Así que lo fiamos todo a la diplomacia, el diálogo y las negociaciones entre las partes: que se arreglen entre ellos. Desde el siglo XVIII parece que no hemos avanzado mucho. Porque negociación viene de negocio, no de justicia. ¿A qué tipo de acuerdo puedes llegar con el matón de patio de colegio que cada día te espera a la salida de clase para darte una paliza y robarte el bocadillo de la merienda? ¿Y con una superpotencia, militarmente más poderosa que tú, que ha invadido parte de tu territorio y bombardea las ciudades de tu país?

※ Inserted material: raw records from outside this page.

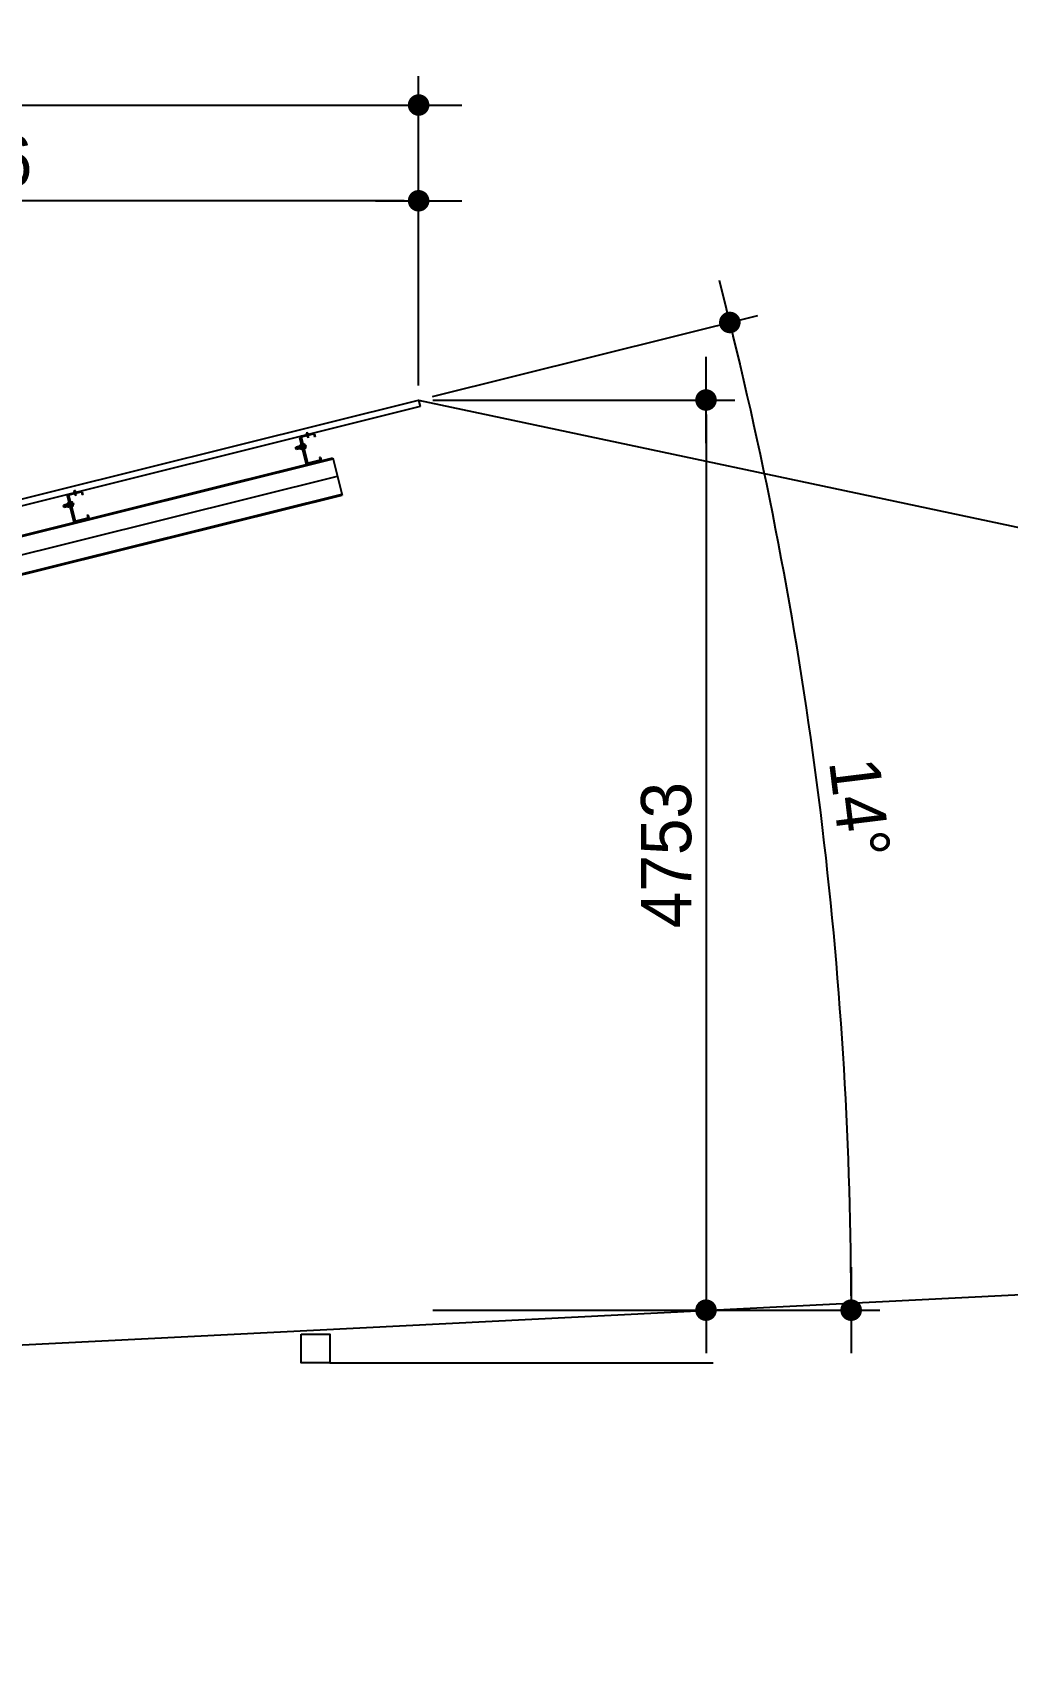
# Model space of a CAD drawing. Header units: millimetres. Extents: x 10297564 to 11610295, y -9287743 to -8409454.
# Drawn here: x 10868556 to 10873644, y -9254254 to -9245764 of the extents above; entities that cross this region are included whole.
import ezdxf

# ---------------------------------------------------------------- set-up
doc = ezdxf.new("R2010")
doc.units = ezdxf.units.MM
doc.header["$LTSCALE"] = 100
doc.linetypes.add('CEN', pattern=[62, 60, -1, 0, -1])
doc.linetypes.add('CEN1', pattern=[22, 15, -3, 1, -3])
for name, color, linetype in [('CEN', 1, 'CEN1'), ('dim', 7, 'Continuous'), ('H형강', 3, 'Continuous'), ('module', 5, 'Continuous'), ('태양광', 255, 'Continuous')]:
    doc.layers.add(name, color=color, linetype=linetype)
doc.styles.add('돋음', font='Dotum.ttf')
doc.dimstyles.new('NDIM-150', dxfattribs={"dimscale": 75, "dimtxt": 3.5, "dimasz": 1, "dimexe": 2, "dimexo": 1, "dimgap": 1, "dimtad": 1, "dimdec": 0, "dimzin": 0, "dimdsep": 46, "dimtxsty": '돋음', "dimblk": 'dotk', "dimcen": 2, "dimdle": 2, "dimclrd": 4, "dimclre": 4, "dimclrt": 7, "dimadec": 0, "dimazin": 0, "dimtfac": 1, "dimtdec": 0, "dimtix": 1, "dimtmove": 2, "dimatfit": 3, "dimldrblk": 'DIMDOT', "dimfxl": 1, "dimtolj": 1, "dimtzin": 0, "dimlwd": -1, "dimlwe": -1, "dimarcsym": 0})

# ---------------------------------------------------------------- blocks, each defined once
blk = doc.blocks.new('dotk')
blk.add_line((-3, 0), (3, 0))
at = {"const_width": 0.75}
blk.add_lwpolyline([(-0.375, 0, 1), (0.375, 0, 1)], format="xyb", close=True, dxfattribs=at)
blk = doc.blocks.new('*D535')
at = {"layer": 'defpoints', "color": 0, "linetype": 'ByBlock', "ltscale": 1.8, "transparency": 16777216}
for p in [(10870570.7, -9247682.8), (10874645.4, -9248777.4), (10874135.5, -9249224.5, -13.8), (10877828.3, -9249224.5), (10877828.3, -9249224.5)]:
    blk.add_point(p, dxfattribs=at)
at = {"layer": 'dim', "color": 4, "ltscale": 1.8, "transparency": 16777216}
blk.add_arc((10877828.3, -9249224.5), 3214.2, 169.34468, 178.66321, dxfattribs=at)
at = {"layer": 'dim', "color": 4, "linetype": 'ByBlock', "ltscale": 1.8, "transparency": 16777216, "xscale": 75, "yscale": 75, "zscale": 75}
for p, rotation in [((10874684.3, -9248556.6), 78.67620484871456), ((10874614.1, -9249224.5), 269.3316907309054)]:
    blk.add_blockref('dotk', p, dxfattribs=dict(at, rotation=rotation))
at = {"layer": 'dim', "color": 7, "linetype": 'ByBlock', "ltscale": 1.8, "transparency": 16777216, "insert": (10874426.6, -9248867.2), "char_height": 262.5, "attachment_point": 5, "rotation": 84.00395, "style": '돋음'}
blk.add_mtext('\\A1;12°', dxfattribs=at)
blk = doc.blocks.new('DIMDOT')
blk.add_line((-1.5, 0), (1.5, 0))
blk.add_circle((0, 0), 0.75)
blk = doc.blocks.new('M12-50L-1')
at = {"layer": 'CEN', "color": 1, "extrusion": (3.14065e-05, -8.8997e-05, 1)}
blk.add_line((10603646.8, -9122705.5, 0), (10603588.9, -9122726.6, 0), dxfattribs=at)
at = {"layer": '태양광', "extrusion": (3.14065e-05, -8.8997e-05, 1)}
for p, q in [((10603613.6, -9122712, 0), (10603593.2, -9122719.4, 0)), ((10603593.2, -9122719.4, 0), (10603593.6, -9122718.5, 0)), ((10603593.2, -9122719.4, 0), (10603596.8, -9122729.4, 0)), ((10603613.4, -9122711.3, 0), (10603593.6, -9122718.5, 0)), ((10603593.6, -9122718.5, 0), (10603597.7, -9122729.8, 0)), ((10603617.2, -9122721.9, 0), (10603596.8, -9122729.4, 0)), ((10603596.8, -9122729.4, 0), (10603597.7, -9122729.8, 0)), ((10603617.5, -9122722.6, 0), (10603597.7, -9122729.8, 0)), ((10603630.5, -9122705.1, 0), (10603621.8, -9122708.2, 0)), ((10603626.3, -9122707.4, 0), (10603622.1, -9122708.9, 0)), ((10603629.9, -9122717.3, 0), (10603625.7, -9122718.9, 0)), ((10603634.6, -9122716.4, 0), (10603625.9, -9122719.5, 0)), ((10603626.7, -9122706.5, 0), (10603626.3, -9122707.4, 0)), ((10603626.3, -9122707.4, 0), (10603629.9, -9122717.3, 0)), ((10603629.9, -9122717.3, 0), (10603630.8, -9122717.7, 0))]:
    blk.add_line(p, q, dxfattribs=at)
at = {"layer": '태양광', "extrusion": (3.14065e-05, -8.8997e-05, 1), "elevation": 1132.1}
for points in [[(10603612.2, -9122708, -0.414214), (10603612.5, -9122707.3), (10603619.1, -9122704.9, -0.414214), (10603619.7, -9122705.2)], [(10603626.2, -9122723.1, -0.414214), (10603625.9, -9122723.7), (10603619.3, -9122726.1, -0.414214), (10603618.7, -9122725.8), (10603612.2, -9122708)], [(10603621.1, -9122709, -0.414214), (10603620.8, -9122709.6), (10603614.2, -9122712, -0.414214), (10603613.5, -9122711.7)], [(10603613.9, -9122712.7, -0.414214), (10603614.2, -9122712)], [(10603624.5, -9122718.4, -0.414214), (10603624.2, -9122719), (10603617.6, -9122721.4, -0.414214), (10603617, -9122721.1)], [(10603617.3, -9122722.1, -0.414214), (10603617.6, -9122721.4)], [(10603620.8, -9122709.6, -0.414214), (10603621.4, -9122709.9)], [(10603624.2, -9122719, -0.414214), (10603624.8, -9122719.3)], [(10603637.7, -9122698.7, 0.414214), (10603637.1, -9122698.4), (10603630.5, -9122700.8, 0.414214), (10603630.2, -9122701.4)], [(10603631.6, -9122705.2, 0.414214), (10603632.2, -9122705.5), (10603638.8, -9122703.1, 0.414214), (10603639.1, -9122702.4)], [(10603632.2, -9122705.5, 0.414214), (10603631.9, -9122706.1)], [(10603635, -9122714.6, 0.414214), (10603635.6, -9122714.9), (10603642.2, -9122712.5, 0.414214), (10603642.5, -9122711.8)], [(10603635.6, -9122714.9, 0.414214), (10603635.3, -9122715.5)], [(10603636.7, -9122719.3, 0.414214), (10603637.4, -9122719.6), (10603643.9, -9122717.2, 0.414214), (10603644.2, -9122716.5), (10603637.7, -9122698.7)], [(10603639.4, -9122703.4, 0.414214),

El británico John Locke, padre del liberalismo, justificó el pacto social que hoy rige nuestras sociedades occidentales en la necesidad de un gobierno-árbitro imparcial que mediase en los litigios entre particulares: pese a que somos seres racionales con capacidad de juzgar, no podemos ser juez y parte: si nos peleamos por el vecino a cuenta de las lindes, lo más probable es que uno de los dos saque tarde o temprano la escopeta. Hemos aceptado estas reglas del juego a nivel estatal, pero seguimos siendo incapaces de aplicarlas a nivel internacional, cuando la solución es "sencilla":

Rusia y Ucrania necesitan un árbitro imparcial. Para eso se creó la ONU. Pero para que la capacidad de actuación y mediación de la ONU sea realmente efectiva, esta necesita de una profunda remodelación interna: 1) Debe desaparecer el derecho de veto de los miembros permanentes de Consejo de Seguridad, para que no se imponga siempre la voluntad de Rusia o Estados Unidos. Una mayoría cualificada debería bastar, con igualdad de condiciones de los miembros rotatorios no-permanentes. 2) El voto en la Asamblea General debe ser secreto, para que no sepamos quién apoya a quién y los países más débiles puedan posicionarse libremente, sin estar sometidos a presiones. 3) Las resoluciones de la ONU deben ser de obligado cumplimiento: en Palestina o en el Sahara Occidental. 4) La OTAN solo podrá actuar bajo mandato de la ONU.

Solución utópica donde las haya, no soy ingenua, y con derivas menos sencillas de atajar: porque este novísimo orden mundial, ¿sería en la práctica un orden multilateral cooperativo o un nuevo imperio global? Y sus principios rectores (paz, justicia, derechos humanos, democracia), ¿serían realmente universales o tan solo otra imposición occidental? No todas las sociedades creen en la libertad por encima de la obediencia, en la razón por encima de la autoridad y la tradición, en la igualdad por encima de la jerarquía, en el cambio climático por encima del beneficio o en la ciencia por encima de la religión. Ni siquiera, claro está, en nuestras cómodas y cínicas sociedades primermundistas.

Y mientras nos desgarramos en estos debates bizantinos, podríamos estar corriendo, sin darnos cuenta, a otro tipo de orden mundial mucho más inquietante: un rearme generalizado que deja de lado los objetivos de la transición ecológica, China haciendo piña con Rusia, India y Corea del Norte aprovechando el desconcierto general para hacer pruebas con misiles, Orbán y su "democracia iliberal" arrasando en Hungría y Marine Le Pen acariciando con la punta de los dedos el Elíseo este domingo.